How to Turn Your Hobby Into a Business:
5 Red Flags That Make Your Business Look Like a Hobby
I’m Brittany Ratelle, attorney for online business owners, and I’m here to help you get legally legit and show up as a more confident business owner. In this guide, we’re going to talk about the five red flags that might be making your business look like a hobby. These are things that you need to stop doing right away to make sure that you can show up in the world the way you want to – as an awesome and serious business owner! You want to have your *shiz* together so that you can help solve problems, deliver value, and keep your business productive and moving forward as big as your dreams.
Red Flag #1: Mismatched payment details
The first red flag is when businesses have mismatched payment details. When you charge someone in your business, make sure it’s very clear to the customer that the business name matches what they expect to see from you in a payment charge. The biggest things that we want to avoid here are chargebacks and refunds and general customer service/ client confusion about who they’re paying and what they’re getting for that purchase.

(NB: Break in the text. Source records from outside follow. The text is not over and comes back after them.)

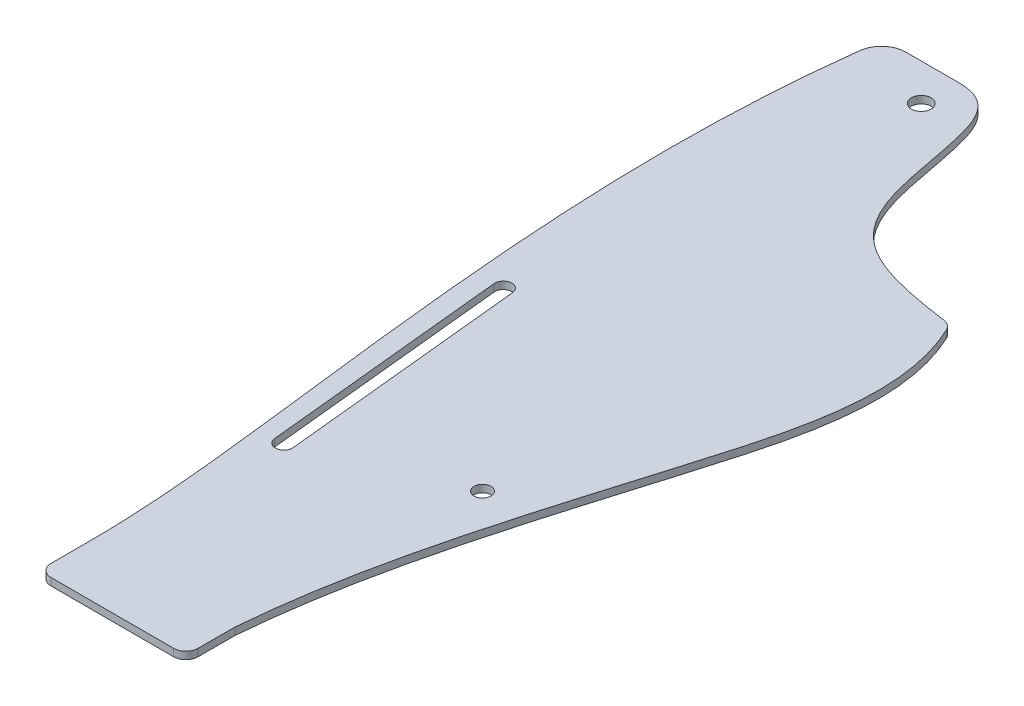
ISO-10303-21;
HEADER;
FILE_DESCRIPTION(('STEP AP214'),'2;1');
FILE_NAME('part.step','',(''),(''),'','','');
FILE_SCHEMA(('AUTOMOTIVE_DESIGN { 1 0 10303 214 1 1 1 1 }'));
ENDSEC;
DATA;
#1=APPLICATION_CONTEXT('core data for automotive mechanical design processes');
#2=APPLICATION_PROTOCOL_DEFINITION('international standard','automotive_design',2000,#1);
#3=PRODUCT_CONTEXT('',#1,'mechanical');
#4=PRODUCT('Part','Part','',(#3));
#5=PRODUCT_RELATED_PRODUCT_CATEGORY('part','',(#4));
#6=PRODUCT_DEFINITION_FORMATION('','',#4);
#7=PRODUCT_DEFINITION_CONTEXT('part definition',#1,'design');
#8=PRODUCT_DEFINITION('design','',#6,#7);
#9=PRODUCT_DEFINITION_SHAPE('','',#8);
#10=(LENGTH_UNIT() NAMED_UNIT(*) SI_UNIT(.MILLI.,.METRE.));
#11=(NAMED_UNIT(*) PLANE_ANGLE_UNIT() SI_UNIT($,.RADIAN.));
#12=(NAMED_UNIT(*) SI_UNIT($,.STERADIAN.) SOLID_ANGLE_UNIT());
#13=UNCERTAINTY_MEASURE_WITH_UNIT(LENGTH_MEASURE(1.E-05),#10,'distance_accuracy_value','');
#14=(GEOMETRIC_REPRESENTATION_CONTEXT(3) GLOBAL_UNCERTAINTY_ASSIGNED_CONTEXT((#13)) GLOBAL_UNIT_ASSIGNED_CONTEXT((#10,
#11,#12)) REPRESENTATION_CONTEXT('',''));
#15=CARTESIAN_POINT('',(0.,0.,0.));
#16=DIRECTION('',(0.,0.,1.));
#17=DIRECTION('',(1.,0.,0.));
#18=AXIS2_PLACEMENT_3D('',#15,#16,#17);
#19=CARTESIAN_POINT('',(-20.,3.,150.501256289338));
#20=DIRECTION('',(0.,-1.,0.));
#21=DIRECTION('',(0.,0.,-1.));
#22=AXIS2_PLACEMENT_3D('',#19,#20,#21);
#23=CYLINDRICAL_SURFACE('',#22,3.5);
#24=CARTESIAN_POINT('',(-20.,0.,150.501256289338));
#25=DIRECTION('',(0.,1.,0.));
#26=DIRECTION('',(0.,0.,1.));
#27=AXIS2_PLACEMENT_3D('',#24,#25,#26);
#28=CIRCLE('',#27,3.5);
#29=CARTESIAN_POINT('',(-16.5175439701268,0.,150.151256289338));
#30=VERTEX_POINT('',#29);
#31=CARTESIAN_POINT('',(-23.4824560298731,0.,150.851256289338));
#32=VERTEX_POINT('',#31);
#33=EDGE_CURVE('E305',#30,#32,#28,.T.);
#34=ORIENTED_EDGE('',*,*,#33,.F.);
#35=DIRECTION('',(0.,-1.,0.));
#36=VECTOR('',#35,1.);
#37=CARTESIAN_POINT('',(-16.5175439701268,3.,150.151256289338));
#38=LINE('',#37,#36);
#39=CARTESIAN_POINT('',(-16.5175439701268,3.,150.151256289338));
#40=VERTEX_POINT('',#39);
#41=EDGE_CURVE('E324',#40,#30,#38,.T.);
#42=ORIENTED_EDGE('',*,*,#41,.F.);
#43=CARTESIAN_POINT('',(-20.,3.,150.501256289338));
#44=DIRECTION('',(0.,1.,0.));
#45=DIRECTION('',(0.,0.,1.));
#46=AXIS2_PLACEMENT_3D('',#43,#44,#45);
#47=CIRCLE('',#46,3.5);
#48=CARTESIAN_POINT('',(-23.4824560298731,3.,150.851256289338));
#49=VERTEX_POINT('',#48);
#50=EDGE_CURVE('E256',#40,#49,#47,.T.);
#51=ORIENTED_EDGE('',*,*,#50,.T.);
#52=DIRECTION('',(0.,-1.,0.));
#53=VECTOR('',#52,1.);
#54=CARTESIAN_POINT('',(-23.4824560298731,3.,150.851256289338));
#55=LINE('',#54,#53);
#56=EDGE_CURVE('E152',#49,#32,#55,.T.);
#57=ORIENTED_EDGE('',*,*,#56,.T.);
#58=EDGE_LOOP('',(#34,#42,#51,#57));
#59=FACE_BOUND('',#58,.T.);
#60=ADVANCED_FACE('F37',(#59),#23,.F.);
#61=CARTESIAN_POINT('',(-31.2922298977923,3.,3.14498743710663));
#62=DIRECTION('',(-0.99498743710662,0.,0.1));
#63=DIRECTION('',(0.1,0.,0.99498743710662));
#64=AXIS2_PLACEMENT_3D('',#61,#62,#63);
#65=PLANE('',#64);
#66=DIRECTION('',(-0.1,0.,-0.99498743710662));
#67=VECTOR('',#66,1.);
#68=CARTESIAN_POINT('',(-31.2922298977923,0.,3.14498743710663));
#69=LINE('',#68,#67);
#70=CARTESIAN_POINT('',(-6.5175439701268,0.,249.65));
#71=VERTEX_POINT('',#70);
#72=EDGE_CURVE('E308',#71,#30,#69,.T.);
#73=ORIENTED_EDGE('',*,*,#72,.F.);
#74=DIRECTION('',(0.,-1.,0.));
#75=VECTOR('',#74,1.);
#76=CARTESIAN_POINT('',(-6.5175439701268,3.,249.65));
#77=LINE('',#76,#75);
#78=CARTESIAN_POINT('',(-6.5175439701268,3.,249.65));
#79=VERTEX_POINT('',#78);
#80=EDGE_CURVE('E322',#79,#71,#77,.T.);
#81=ORIENTED_EDGE('',*,*,#80,.F.);
#82=DIRECTION('',(-0.1,0.,-0.99498743710662));
#83=VECTOR('',#82,1.);
#84=CARTESIAN_POINT('',(-31.2922298977923,3.,3.14498743710663));
#85=LINE('',#84,#83);
#86=EDGE_CURVE('E259',#79,#40,#85,.T.);
#87=ORIENTED_EDGE('',*,*,#86,.T.);
#88=ORIENTED_EDGE('',*,*,#41,.T.);
#89=EDGE_LOOP('',(#73,#81,#87,#88));
#90=FACE_BOUND('',#89,.T.);
#91=ADVANCED_FACE('F206',(#90),#65,.T.);
#92=CARTESIAN_POINT('',(-9.99999999999997,3.,250.));
#93=DIRECTION('',(0.,-1.,0.));
#94=DIRECTION('',(0.,0.,-1.));
#95=AXIS2_PLACEMENT_3D('',#92,#93,#94);
#96=CYLINDRICAL_SURFACE('',#95,3.5);
#97=CARTESIAN_POINT('',(-9.99999999999997,0.,250.));
#98=DIRECTION('',(0.,1.,0.));
#99=DIRECTION('',(0.,0.,1.));
#100=AXIS2_PLACEMENT_3D('',#97,#98,#99);
#101=CIRCLE('',#100,3.5);
#102=CARTESIAN_POINT('',(-13.4824560298731,0.,250.35));
#103=VERTEX_POINT('',#102);
#104=EDGE_CURVE('E311',#103,#71,#101,.T.);
#105=ORIENTED_EDGE('',*,*,#104,.F.);
#106=DIRECTION('',(0.,-1.,0.));
#107=VECTOR('',#106,1.);
#108=CARTESIAN_POINT('',(-13.4824560298731,3.,250.35));
#109=LINE('',#108,#107);
#110=CARTESIAN_POINT('',(-13.4824560298731,3.,250.35));
#111=VERTEX_POINT('',#110);
#112=EDGE_CURVE('E320',#111,#103,#109,.T.);
#113=ORIENTED_EDGE('',*,*,#112,.F.);
#114=CARTESIAN_POINT('',(-9.99999999999997,3.,250.));
#115=DIRECTION('',(0.,1.,0.));
#116=DIRECTION('',(0.,0.,1.));
#117=AXIS2_PLACEMENT_3D('',#114,#115,#116);
#118=CIRCLE('',#117,3.5);
#119=EDGE_CURVE('E262',#111,#79,#118,.T.);
#120=ORIENTED_EDGE('',*,*,#119,.T.);
#121=ORIENTED_EDGE('',*,*,#80,.T.);
#122=EDGE_LOOP('',(#105,#113,#120,#121));
#123=FACE_BOUND('',#122,.T.);
#124=ADVANCED_FACE('F188',(#123),#96,.F.);
#125=CARTESIAN_POINT('',(83.9060245681434,3.,72.3341934719544));
#126=CARTESIAN_POINT('',(100.067703512978,3.,103.783632704306));
#127=CARTESIAN_POINT('',(75.9962802903456,3.,191.959172621009));
#128=CARTESIAN_POINT('',(49.5674819469672,3.,271.364145728277));
#129=CARTESIAN_POINT('',(45.,3.,325.));
#130=B_SPLINE_CURVE_WITH_KNOTS('',3,(#125,#126,#127,#128,#129),.UNSPECIFIED.,.F.,.F.,(4,1,4),
(0.,0.388668159095898,1.),.UNSPECIFIED.);
#131=DIRECTION('',(0.,-1.,0.));
#132=VECTOR('',#131,1.);
#133=SURFACE_OF_LINEAR_EXTRUSION('',#130,#132);
#134=CARTESIAN_POINT('',(83.9060245681434,0.,72.3341934719544));
#135=CARTESIAN_POINT('',(100.067703512978,0.,103.783632704306));
#136=CARTESIAN_POINT('',(75.9962802903456,0.,191.959172621009));
#137=CARTESIAN_POINT('',(49.5674819469672,0.,271.364145728277));
#138=CARTESIAN_POINT('',(45.,0.,325.));
#139=B_SPLINE_CURVE_WITH_KNOTS('',3,(#134,#135,#136,#137,#138),.UNSPECIFIED.,.F.,.F.,(4,1,4),
(0.,0.388668159095898,1.),.UNSPECIFIED.);
#140=CARTESIAN_POINT('',(85.1168315860118,0.,74.7960970253731));
#141=VERTEX_POINT('',#140);
#142=CARTESIAN_POINT('',(45.,0.,325.));
#143=VERTEX_POINT('',#142);
#144=EDGE_CURVE('E271',#141,#143,#139,.T.);
#145=ORIENTED_EDGE('',*,*,#144,.F.);
#146=DIRECTION('',(0.,-1.,0.));
#147=VECTOR('',#146,1.);
#148=CARTESIAN_POINT('',(85.1168315860127,0.,74.7960970253751));
#149=LINE('',#148,#147);
#150=CARTESIAN_POINT('',(85.1168315860118,3.,74.7960970253731));
#151=VERTEX_POINT('',#150);
#152=EDGE_CURVE('E353',#141,#151,#149,.F.);
#153=ORIENTED_EDGE('',*,*,#152,.T.);
#154=CARTESIAN_POINT('',(45.,3.,325.));
#155=VERTEX_POINT('',#154);
#156=EDGE_CURVE('E166',#151,#155,#130,.T.);
#157=ORIENTED_EDGE('',*,*,#156,.T.);
#158=DIRECTION('',(0.,-1.,0.));
#159=VECTOR('',#158,1.);
#160=CARTESIAN_POINT('',(45.,3.,325.));
#161=LINE('',#160,#159);
#162=EDGE_CURVE('E270',#155,#143,#161,.T.);
#163=ORIENTED_EDGE('',*,*,#162,.T.);
#164=EDGE_LOOP('',(#145,#153,#157,#163));
#165=FACE_BOUND('',#164,.T.);
#166=ADVANCED_FACE('F184',(#165),#133,.T.);
#167=CARTESIAN_POINT('',(0.,3.,-15.));
#168=CARTESIAN_POINT('',(11.8594682564448,3.,-15.));
#169=CARTESIAN_POINT('',(19.0279989294462,3.,-4.99114409473292));
#170=CARTESIAN_POINT('',(28.0688408431226,3.,60.3574872183425));
#171=CARTESIAN_POINT('',(48.2184768824646,3.,67.4795480245825));
#172=CARTESIAN_POINT('',(83.9060245681434,3.,72.3341934719544));
#173=B_SPLINE_CURVE_WITH_KNOTS('',3,(#167,#168,#169,#170,#171,#172),.UNSPECIFIED.,.F.,.F.,(4,1,
1,4),(0.,0.292385062861049,0.473698528299097,1.),.UNSPECIFIED.);
#174=DIRECTION('',(0.,-1.,0.));
#175=VECTOR('',#174,1.);
#176=SURFACE_OF_LINEAR_EXTRUSION('',#173,#175);
#177=CARTESIAN_POINT('',(0.,3.,-15.));
#178=VERTEX_POINT('',#177);
#179=CARTESIAN_POINT('',(81.2900440041132,3.,71.9720340301666));
#180=VERTEX_POINT('',#179);
#181=EDGE_CURVE('E148',#178,#180,#173,.T.);
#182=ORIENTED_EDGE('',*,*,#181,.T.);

Where I see this happen a lot is that people use PayPal, especially for online businesses, Venmo, Stripe, Shop Pay, or other payment processors. And it may be connected to your name, an old business name, or even a spouse’s name, or a spouse’s business name.
Trust me, ladies. Just like Destiny’s Child says, “you gotta leave your fellas at home.” And that includes your fellas’ payment email address information. We want to make it really clear to the people that you’re selling services and products to that you are a legit business and that you match, and they don’t have any reason to be afraid that the payment transaction is sketchy or fraudulent or a scam. certainly don’t want to risk a chargeback because people don’t recognize what they’re seeing on a credit card/bank statement, an email order form, or because it doesn’t match the service that they decided to procure from you.
Make sure that you’re not screaming, “I’m new here!” by having payment details that don’t match the rest of your business.
The best way to do this is to make sure that the payment information that’s linked to your online payment processor, whether that’s Stripe, PayPal, business, Venmo, or something else, matches your business or something close to it that people would expect to see when they’re purchasing your goods and services. Also, remember that you should be using the “business” version of any payment processing software – you are NOT friends and family with your customers (…even if you are related to them!) and you should be using the business version and the correct terms and conditions and seller protection that comes with that correct payment processor. Processing fees are part of the cost of doing business, build them into your business model and pricing, and quit risking your money by being cheap and breaking the rules of Venmo – use it for splitting dinner with friends, not for running a legit business.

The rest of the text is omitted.